» **REQUIRED ACTION**
Leaving out all pictures, transcribe the lines below exactly, from the first through the line containing "Add/1 -> Controlador/1".

» **MATERIAL SHOWN**

________________________________________

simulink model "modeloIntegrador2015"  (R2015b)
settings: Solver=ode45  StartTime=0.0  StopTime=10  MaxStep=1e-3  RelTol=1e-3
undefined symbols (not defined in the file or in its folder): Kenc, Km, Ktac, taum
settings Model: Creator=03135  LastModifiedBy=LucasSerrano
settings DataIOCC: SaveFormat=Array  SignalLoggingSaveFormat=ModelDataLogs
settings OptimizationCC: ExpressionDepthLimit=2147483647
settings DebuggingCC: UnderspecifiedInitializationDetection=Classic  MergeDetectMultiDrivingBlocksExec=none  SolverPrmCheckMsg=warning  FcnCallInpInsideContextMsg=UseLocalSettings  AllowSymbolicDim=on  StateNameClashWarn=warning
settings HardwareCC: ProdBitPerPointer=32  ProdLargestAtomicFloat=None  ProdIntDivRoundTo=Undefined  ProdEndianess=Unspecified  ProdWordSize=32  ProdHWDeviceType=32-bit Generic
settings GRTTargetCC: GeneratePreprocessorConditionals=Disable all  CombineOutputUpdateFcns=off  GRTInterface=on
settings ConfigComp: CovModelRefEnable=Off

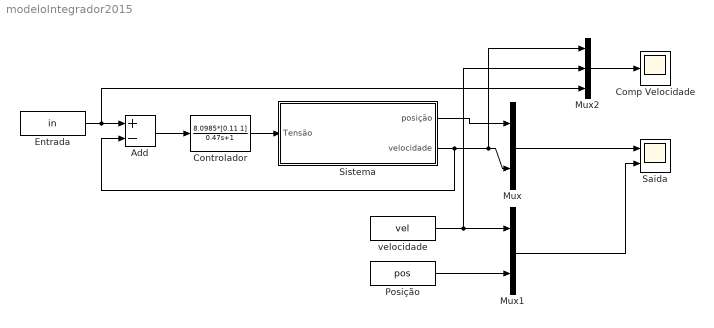
== system modeloIntegrador2015 ==
  Add : Sum  Inputs=+-
  Comp Velocidade : Scope
  Controlador : TransferFcn  Numerator=8.0985*[0.11 1]  Denominator=[0.47 1]
  Entrada : FromWorkspace  VariableName=in  SampleTime=0
  Mux : Mux  Inputs=2
  Mux1 : Mux  Inputs=2
  Mux2 : Mux  Inputs=3
  Posição : FromWorkspace  VariableName=pos  SampleTime=0
  Saida : Scope  NumInputPorts=2
  Sistema : Subsystem
  velocidade : FromWorkspace  VariableName=vel  SampleTime=0
  wires:
  Mux/1 -> Saida/1
  Sistema/1(posição) -> Mux/1
  Sistema/2(velocidade) -> Add/2, Mux2/1, Mux/2
  Mux1/1 -> Saida/2
  velocidade/1 -> Mux2/2, Mux1/1
  Posição/1 -> Mux1/2
  Mux2/1 -> Comp Velocidade/1
  Entrada/1 -> Mux2/3, Add/1
  Add/1 -> Controlador/1
  Controlador/1 -> Sistema/1(Tensão)

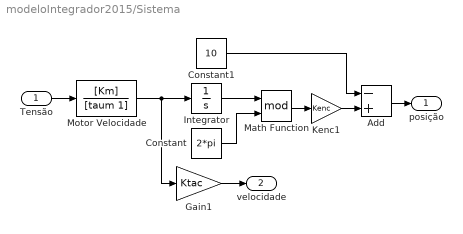
== system modeloIntegrador2015/Sistema ==
  Tensão : Inport
  Add : Sum  Inputs=-+
  Constant : Constant  Value=2*pi
  Constant1 : Constant  Value=10
  Gain1 : Gain  Gain=Ktac
  Integrator : Integrator
  Kenc1 : Gain  Gain=Kenc
  Math Function : Math  Operator=mod  SaturateOnIntegerOverflow=on
  Motor Velocidade : TransferFcn  Numerator=[Km]  Denominator=[taum 1]
  posição : Outport
  velocidade : Outport  Port=2
  wires:
  Motor Velocidade/1 -> Integrator/1, Gain1/1
  Tensão/1 -> Motor Velocidade/1
  Gain1/1 -> velocidade/1
  Math Function/1 -> Kenc1/1
  Integrator/1 -> Math Function/1
  Constant/1 -> Math Function/2
  Add/1 -> posição/1
  Kenc1/1 -> Add/2
  Constant1/1 -> Add/1

________________________________________

» **TASK ANSWER**
simulink model "modeloIntegrador2015"  (R2015b)
settings: Solver=ode45  StartTime=0.0  StopTime=10  MaxStep=1e-3  RelTol=1e-3
undefined symbols (not defined in the file or in its folder): Kenc, Km, Ktac, taum
settings Model: Creator=03135  LastModifiedBy=LucasSerrano
settings DataIOCC: SaveFormat=Array  SignalLoggingSaveFormat=ModelDataLogs
settings OptimizationCC: ExpressionDepthLimit=2147483647
settings DebuggingCC: UnderspecifiedInitializationDetection=Classic  MergeDetectMultiDrivingBlocksExec=none  SolverPrmCheckMsg=warning  FcnCallInpInsideContextMsg=UseLocalSettings  AllowSymbolicDim=on  StateNameClashWarn=warning
settings HardwareCC: ProdBitPerPointer=32  ProdLargestAtomicFloat=None  ProdIntDivRoundTo=Undefined  ProdEndianess=Unspecified  ProdWordSize=32  ProdHWDeviceType=32-bit Generic
settings GRTTargetCC: GeneratePreprocessorConditionals=Disable all  CombineOutputUpdateFcns=off  GRTInterface=on
settings ConfigComp: CovModelRefEnable=Off

== system modeloIntegrador2015 ==
  Add : Sum  Inputs=+-
  Comp Velocidade : Scope
  Controlador : TransferFcn  Numerator=8.0985*[0.11 1]  Denominator=[0.47 1]
  Entrada : FromWorkspace  VariableName=in  SampleTime=0
  Mux : Mux  Inputs=2
  Mux1 : Mux  Inputs=2
  Mux2 : Mux  Inputs=3
  Posição : FromWorkspace  VariableName=pos  SampleTime=0
  Saida : Scope  NumInputPorts=2
  Sistema : Subsystem
  velocidade : FromWorkspace  VariableName=vel  SampleTime=0
  wires:
  Mux/1 -> Saida/1
  Sistema/1(posição) -> Mux/1
  Sistema/2(velocidade) -> Add/2, Mux2/1, Mux/2
  Mux1/1 -> Saida/2
  velocidade/1 -> Mux2/2, Mux1/1
  Posição/1 -> Mux1/2
  Mux2/1 -> Comp Velocidade/1
  Entrada/1 -> Mux2/3, Add/1
  Add/1 -> Controlador/1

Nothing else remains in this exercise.